Güney Cephesi üst kademesi, Golan Tepelerinin işgal edilmiş bölgelerine yakın alanlarda konuşlanmıştı. Böylece Suriye Hava Güçleri tarafından gerçekleştirilen varil bombalı saldırılardan korunmuş olacaklardı.

Daha sonra Ocak 2015 tarihinde İsrail, başka bir sınır ötesi saldırı gerçekleştirerek İran Generali Mohammad Ali Allahdadi ve içlerinde Jihad Mugniyeh’in de yer aldığı bazı Hizbullah komutanlarını öldürdü. Bu aşamada Suriye hava savunması harekete geçmemiş, hava sahasının çiğnenmesine karşılık olarak hiçbir hava savunma füzesi atılmamıştı.

İsrail aşikâr bir şekilde bölgenin hava saha kontrolünü elinde tutuyordu. Bu durumda eğer Suriye uçakları sınır bölgesinde uçacak olursa doğrudan doğruya İsrail’in yanıtıyla karşı karşıya gelecekti. Zaten 1973 Arap-İsrail savaşından beri durum bu şekildeydi.

Bunlara rağmen Suriye uçakları, 10 Mart tarihinde Birinci Ordu’nun bulunduğu bölgeye saldırı gerçekleştirdi ve bu saldırıya karşılık İsrail’den bir yanıt gelmedi.

Bazıları bu durumu, Birinci Ordu’nun askeri komutanı ve en önemli şahsiyeti olan Abu Osama al-Jolani’nin (veya Suriye rejimi ve rejim yanlılarının kullanmayı tercih ettikleri isim olan Al-Nuaimi’nin) ortadan kaldırılmasına yönelik, İsrail tarafından verilen üstü örtülü bir onay olarak değerlendirdi.

Saldırıdan birkaç saat sonrasında haber Suriye ve Lübnan’da bulunan rejim yanlısı haber kaynaklarından yayıldı. Haberlerde bir operasyon odasından ve burada gerçekleşen bir toplantıda yer alan İsrail bağlantılı bir görevliden bahsediliyordu. Ayrıca, Ürdün’de yer alan ve Suriye devrimini destekleyen ülkelerin girişimlerinin koordine edildiği, Askeri Operasyon Komuta Merkezi’nden bazı yabancı yetkililerin de bu toplantıda yer aldığı bildiriliyordu. 

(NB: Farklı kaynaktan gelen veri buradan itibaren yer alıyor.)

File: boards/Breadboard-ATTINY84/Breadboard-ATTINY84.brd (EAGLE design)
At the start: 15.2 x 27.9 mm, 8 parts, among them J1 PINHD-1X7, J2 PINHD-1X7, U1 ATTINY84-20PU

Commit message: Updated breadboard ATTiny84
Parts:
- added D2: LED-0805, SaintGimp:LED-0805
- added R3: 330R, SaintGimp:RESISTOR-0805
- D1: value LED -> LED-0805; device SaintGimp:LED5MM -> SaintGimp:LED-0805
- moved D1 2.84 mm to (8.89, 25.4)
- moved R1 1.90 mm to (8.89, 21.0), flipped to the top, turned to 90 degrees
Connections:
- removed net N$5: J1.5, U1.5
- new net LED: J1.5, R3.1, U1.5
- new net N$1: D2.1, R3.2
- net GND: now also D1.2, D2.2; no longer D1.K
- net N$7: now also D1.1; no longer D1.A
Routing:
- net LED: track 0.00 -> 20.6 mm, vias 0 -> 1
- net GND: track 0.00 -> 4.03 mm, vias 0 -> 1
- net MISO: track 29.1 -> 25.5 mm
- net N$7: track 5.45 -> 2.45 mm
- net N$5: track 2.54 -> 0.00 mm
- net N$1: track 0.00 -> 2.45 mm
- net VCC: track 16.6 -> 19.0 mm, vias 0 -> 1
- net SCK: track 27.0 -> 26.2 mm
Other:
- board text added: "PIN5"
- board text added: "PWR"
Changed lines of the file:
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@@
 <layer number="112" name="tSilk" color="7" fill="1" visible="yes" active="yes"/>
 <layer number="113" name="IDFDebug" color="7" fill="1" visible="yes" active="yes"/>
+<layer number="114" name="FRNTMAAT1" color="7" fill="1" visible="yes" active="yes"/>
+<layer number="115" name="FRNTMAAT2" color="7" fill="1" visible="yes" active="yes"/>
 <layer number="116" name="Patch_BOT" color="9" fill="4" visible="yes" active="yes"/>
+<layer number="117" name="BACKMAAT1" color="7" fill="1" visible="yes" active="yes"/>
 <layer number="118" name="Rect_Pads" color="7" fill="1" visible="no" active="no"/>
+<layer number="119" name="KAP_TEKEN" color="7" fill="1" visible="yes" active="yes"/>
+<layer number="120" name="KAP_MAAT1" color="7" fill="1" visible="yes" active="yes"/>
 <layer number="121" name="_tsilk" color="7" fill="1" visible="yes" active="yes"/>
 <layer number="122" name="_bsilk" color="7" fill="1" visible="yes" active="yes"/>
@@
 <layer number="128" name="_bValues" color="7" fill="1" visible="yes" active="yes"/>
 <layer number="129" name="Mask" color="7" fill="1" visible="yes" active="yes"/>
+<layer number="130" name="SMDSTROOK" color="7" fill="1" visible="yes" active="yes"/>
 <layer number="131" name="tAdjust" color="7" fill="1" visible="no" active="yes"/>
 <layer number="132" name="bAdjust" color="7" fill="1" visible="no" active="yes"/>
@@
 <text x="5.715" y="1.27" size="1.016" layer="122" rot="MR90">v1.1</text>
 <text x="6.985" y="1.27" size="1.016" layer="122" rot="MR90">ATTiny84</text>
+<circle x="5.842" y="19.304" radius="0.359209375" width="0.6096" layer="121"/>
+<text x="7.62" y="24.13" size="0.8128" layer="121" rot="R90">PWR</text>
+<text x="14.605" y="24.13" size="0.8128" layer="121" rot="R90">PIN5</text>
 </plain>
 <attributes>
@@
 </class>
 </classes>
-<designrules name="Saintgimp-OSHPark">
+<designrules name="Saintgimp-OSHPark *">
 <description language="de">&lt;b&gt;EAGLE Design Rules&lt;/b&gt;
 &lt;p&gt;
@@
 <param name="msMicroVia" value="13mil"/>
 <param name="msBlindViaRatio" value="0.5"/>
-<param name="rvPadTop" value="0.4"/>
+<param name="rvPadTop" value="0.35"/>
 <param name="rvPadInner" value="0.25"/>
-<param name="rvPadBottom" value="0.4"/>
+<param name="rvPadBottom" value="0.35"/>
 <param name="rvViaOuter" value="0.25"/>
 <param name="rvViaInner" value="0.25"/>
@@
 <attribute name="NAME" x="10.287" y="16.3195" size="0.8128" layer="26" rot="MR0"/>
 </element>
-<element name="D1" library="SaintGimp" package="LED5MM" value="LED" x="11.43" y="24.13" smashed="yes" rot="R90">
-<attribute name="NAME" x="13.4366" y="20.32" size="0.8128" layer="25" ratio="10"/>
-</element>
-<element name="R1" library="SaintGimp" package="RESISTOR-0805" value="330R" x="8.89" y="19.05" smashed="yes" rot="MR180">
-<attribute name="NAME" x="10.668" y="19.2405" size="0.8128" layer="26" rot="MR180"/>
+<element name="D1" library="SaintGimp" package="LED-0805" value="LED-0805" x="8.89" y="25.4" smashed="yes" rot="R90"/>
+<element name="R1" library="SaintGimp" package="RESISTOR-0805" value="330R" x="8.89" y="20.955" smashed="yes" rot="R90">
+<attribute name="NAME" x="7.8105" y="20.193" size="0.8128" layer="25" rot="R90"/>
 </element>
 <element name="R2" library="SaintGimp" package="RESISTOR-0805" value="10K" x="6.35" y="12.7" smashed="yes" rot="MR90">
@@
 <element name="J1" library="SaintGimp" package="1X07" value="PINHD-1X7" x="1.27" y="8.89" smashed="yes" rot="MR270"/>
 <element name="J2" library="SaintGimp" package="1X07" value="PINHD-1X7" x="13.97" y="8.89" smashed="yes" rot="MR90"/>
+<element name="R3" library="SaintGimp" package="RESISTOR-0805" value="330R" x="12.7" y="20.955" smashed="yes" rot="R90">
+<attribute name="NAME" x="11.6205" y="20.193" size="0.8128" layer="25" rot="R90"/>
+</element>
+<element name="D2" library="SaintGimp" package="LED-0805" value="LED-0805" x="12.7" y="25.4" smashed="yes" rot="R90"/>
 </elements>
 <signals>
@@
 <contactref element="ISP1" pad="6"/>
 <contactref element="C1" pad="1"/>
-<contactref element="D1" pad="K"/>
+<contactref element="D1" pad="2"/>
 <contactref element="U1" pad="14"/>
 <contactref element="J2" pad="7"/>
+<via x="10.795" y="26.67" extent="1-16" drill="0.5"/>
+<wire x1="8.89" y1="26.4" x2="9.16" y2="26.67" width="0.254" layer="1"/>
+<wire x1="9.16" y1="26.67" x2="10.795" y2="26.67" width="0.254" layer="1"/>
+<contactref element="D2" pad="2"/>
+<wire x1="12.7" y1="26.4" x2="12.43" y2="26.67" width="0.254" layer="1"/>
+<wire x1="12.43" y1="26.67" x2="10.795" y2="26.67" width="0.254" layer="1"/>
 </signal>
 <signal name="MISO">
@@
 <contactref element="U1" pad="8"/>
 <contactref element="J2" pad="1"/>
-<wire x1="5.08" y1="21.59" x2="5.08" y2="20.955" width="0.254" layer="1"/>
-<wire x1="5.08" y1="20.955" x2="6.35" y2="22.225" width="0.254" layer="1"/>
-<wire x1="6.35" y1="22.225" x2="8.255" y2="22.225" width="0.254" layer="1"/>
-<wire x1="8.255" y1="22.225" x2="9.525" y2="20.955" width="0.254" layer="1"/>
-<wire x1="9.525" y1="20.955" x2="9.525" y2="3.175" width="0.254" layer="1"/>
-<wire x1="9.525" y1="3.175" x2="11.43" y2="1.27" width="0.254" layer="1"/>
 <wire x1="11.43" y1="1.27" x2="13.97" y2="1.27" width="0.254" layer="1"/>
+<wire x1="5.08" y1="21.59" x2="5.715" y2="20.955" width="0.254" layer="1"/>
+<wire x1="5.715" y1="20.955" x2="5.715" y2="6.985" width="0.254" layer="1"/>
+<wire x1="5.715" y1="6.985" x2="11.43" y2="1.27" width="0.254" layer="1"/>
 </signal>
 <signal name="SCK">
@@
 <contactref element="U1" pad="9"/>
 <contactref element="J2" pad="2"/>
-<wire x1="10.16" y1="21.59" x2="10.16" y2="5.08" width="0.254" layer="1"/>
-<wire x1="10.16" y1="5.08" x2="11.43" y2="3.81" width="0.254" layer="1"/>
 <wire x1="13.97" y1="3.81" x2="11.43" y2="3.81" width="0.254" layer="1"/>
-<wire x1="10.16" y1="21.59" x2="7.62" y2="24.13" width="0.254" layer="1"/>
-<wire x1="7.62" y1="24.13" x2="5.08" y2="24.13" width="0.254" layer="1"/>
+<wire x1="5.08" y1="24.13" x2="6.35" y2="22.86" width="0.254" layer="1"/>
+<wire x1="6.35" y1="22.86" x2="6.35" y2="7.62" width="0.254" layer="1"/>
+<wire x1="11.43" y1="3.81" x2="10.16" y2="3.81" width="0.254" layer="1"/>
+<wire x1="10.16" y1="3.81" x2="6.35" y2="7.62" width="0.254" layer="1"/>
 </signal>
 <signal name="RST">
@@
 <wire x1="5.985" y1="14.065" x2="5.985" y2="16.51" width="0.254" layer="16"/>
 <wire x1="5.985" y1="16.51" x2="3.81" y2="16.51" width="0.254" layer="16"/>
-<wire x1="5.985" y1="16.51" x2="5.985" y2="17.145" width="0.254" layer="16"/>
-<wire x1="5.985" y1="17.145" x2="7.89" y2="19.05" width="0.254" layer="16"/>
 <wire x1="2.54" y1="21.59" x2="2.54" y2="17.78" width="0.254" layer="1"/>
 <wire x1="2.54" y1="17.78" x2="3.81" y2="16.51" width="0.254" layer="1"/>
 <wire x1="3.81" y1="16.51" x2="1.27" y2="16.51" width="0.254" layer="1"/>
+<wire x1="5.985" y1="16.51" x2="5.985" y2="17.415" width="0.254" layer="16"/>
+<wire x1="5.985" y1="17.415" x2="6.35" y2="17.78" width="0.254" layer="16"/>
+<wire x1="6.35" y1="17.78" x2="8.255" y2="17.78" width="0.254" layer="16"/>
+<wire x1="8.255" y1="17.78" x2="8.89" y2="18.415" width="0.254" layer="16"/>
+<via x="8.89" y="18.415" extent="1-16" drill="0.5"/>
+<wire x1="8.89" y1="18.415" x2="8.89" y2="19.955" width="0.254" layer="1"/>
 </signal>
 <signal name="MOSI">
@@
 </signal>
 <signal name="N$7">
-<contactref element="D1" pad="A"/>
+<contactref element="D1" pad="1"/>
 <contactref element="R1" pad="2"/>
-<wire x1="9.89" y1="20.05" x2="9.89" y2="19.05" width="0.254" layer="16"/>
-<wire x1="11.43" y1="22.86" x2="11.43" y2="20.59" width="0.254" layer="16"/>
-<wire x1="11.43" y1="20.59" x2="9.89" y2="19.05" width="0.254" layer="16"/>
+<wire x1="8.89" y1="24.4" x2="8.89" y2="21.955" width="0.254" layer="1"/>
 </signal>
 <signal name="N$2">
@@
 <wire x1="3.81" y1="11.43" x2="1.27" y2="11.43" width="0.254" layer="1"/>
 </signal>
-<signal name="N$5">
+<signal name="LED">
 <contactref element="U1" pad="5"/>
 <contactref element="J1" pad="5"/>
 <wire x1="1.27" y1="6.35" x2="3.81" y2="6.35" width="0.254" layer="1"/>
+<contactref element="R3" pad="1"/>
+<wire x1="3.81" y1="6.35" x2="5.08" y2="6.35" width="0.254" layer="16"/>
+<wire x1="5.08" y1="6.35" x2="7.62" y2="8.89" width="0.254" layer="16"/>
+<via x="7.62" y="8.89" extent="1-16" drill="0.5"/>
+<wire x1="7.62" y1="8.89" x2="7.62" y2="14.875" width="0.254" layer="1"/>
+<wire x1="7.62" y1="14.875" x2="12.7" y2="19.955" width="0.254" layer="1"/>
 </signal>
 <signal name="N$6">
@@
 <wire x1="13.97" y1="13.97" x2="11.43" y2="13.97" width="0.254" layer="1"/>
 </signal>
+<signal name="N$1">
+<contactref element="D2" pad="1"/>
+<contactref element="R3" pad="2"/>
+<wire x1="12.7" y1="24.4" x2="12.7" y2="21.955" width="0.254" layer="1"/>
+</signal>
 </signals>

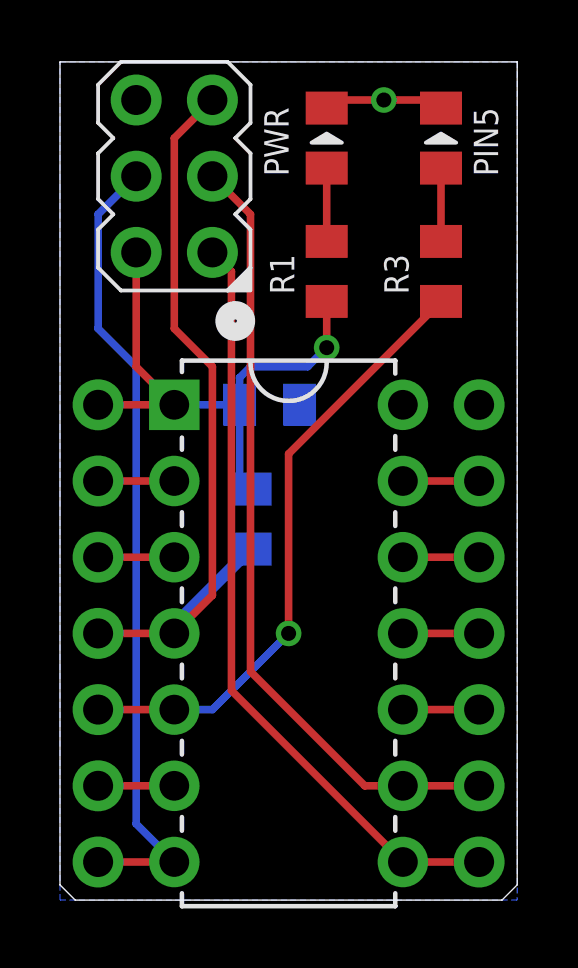
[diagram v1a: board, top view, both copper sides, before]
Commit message: Updated breadboard ATMega328
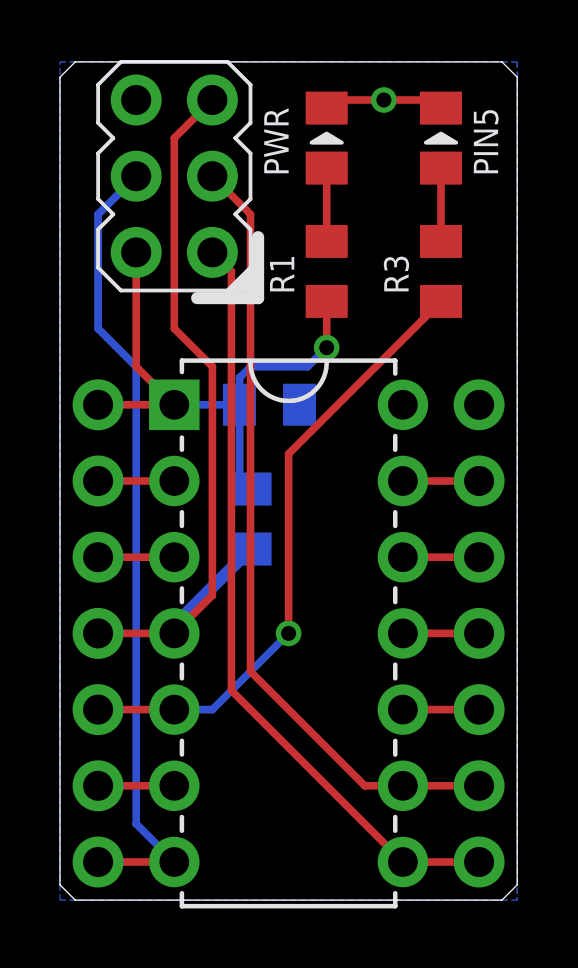
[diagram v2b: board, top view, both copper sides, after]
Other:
- outline, holes or cut-outs redrawn
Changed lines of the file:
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@@
 <setting verticaltext="up"/>
 </settings>
-<grid distance="0.05" unitdist="inch" unit="inch" style="lines" multiple="1" display="no" altdistance="0.025" altunitdist="inch" altunit="inch"/>
+<grid distance="0.05" unitdist="inch" unit="inch" style="lines" multiple="1" display="no" altdistance="0.01" altunitdist="inch" altunit="inch"/>
 <layers>
 <layer number="1" name="Top" color="4" fill="1" visible="yes" active="yes"/>
@@
 <board>
 <plain>
-<wire x1="0" y1="0.508" x2="0" y2="27.94" width="0" layer="20"/>
-<wire x1="0" y1="27.94" x2="15.24" y2="27.94" width="0" layer="20"/>
-<wire x1="15.24" y1="27.94" x2="15.24" y2="0.508" width="0" layer="20"/>
+<wire x1="0" y1="0.508" x2="0" y2="27.432" width="0" layer="20"/>
+<wire x1="0" y1="27.432" x2="0.508" y2="27.94" width="0" layer="20"/>
+<wire x1="0.508" y1="27.94" x2="14.732" y2="27.94" width="0" layer="20"/>
+<wire x1="14.732" y1="27.94" x2="15.24" y2="27.432" width="0" layer="20"/>
+<wire x1="15.24" y1="27.432" x2="15.24" y2="0.508" width="0" layer="20"/>
 <wire x1="15.24" y1="0.508" x2="14.732" y2="0" width="0" layer="20"/>
 <wire x1="14.732" y1="0" x2="0.508" y2="0" width="0" layer="20"/>
@@
 <text x="5.715" y="1.27" size="1.016" layer="122" rot="MR90">v1.1</text>
 <text x="6.985" y="1.27" size="1.016" layer="122" rot="MR90">ATTiny84</text>
-<circle x="5.842" y="19.304" radius="0.359209375" width="0.6096" layer="121"/>
 <text x="7.62" y="24.13" size="0.8128" layer="121" rot="R90">PWR</text>
 <text x="14.605" y="24.13" size="0.8128" layer="121" rot="R90">PIN5</text>
+<wire x1="4.572" y1="20.066" x2="6.604" y2="20.066" width="0.4064" layer="121"/>
+<wire x1="6.604" y1="20.066" x2="6.604" y2="22.098" width="0.4064" layer="121"/>
 </plain>
 <attributes>

Bu haber kaynaklarına bilgi veren kişiler onlarca insanın saldırıda yaralandığını ve sonrasında bu yaralıların İsrail ve Ürdün’e sevk edildiğini bildirmişti. Rejim ve rejim yanlısı medya Abu Osama’nın ölümünü kutlayarak, Osama’nın yanı sıra yardımcılarının ve diğer ÖSO komutanlarının da saldırıda öldürüldüğünü rapor etti.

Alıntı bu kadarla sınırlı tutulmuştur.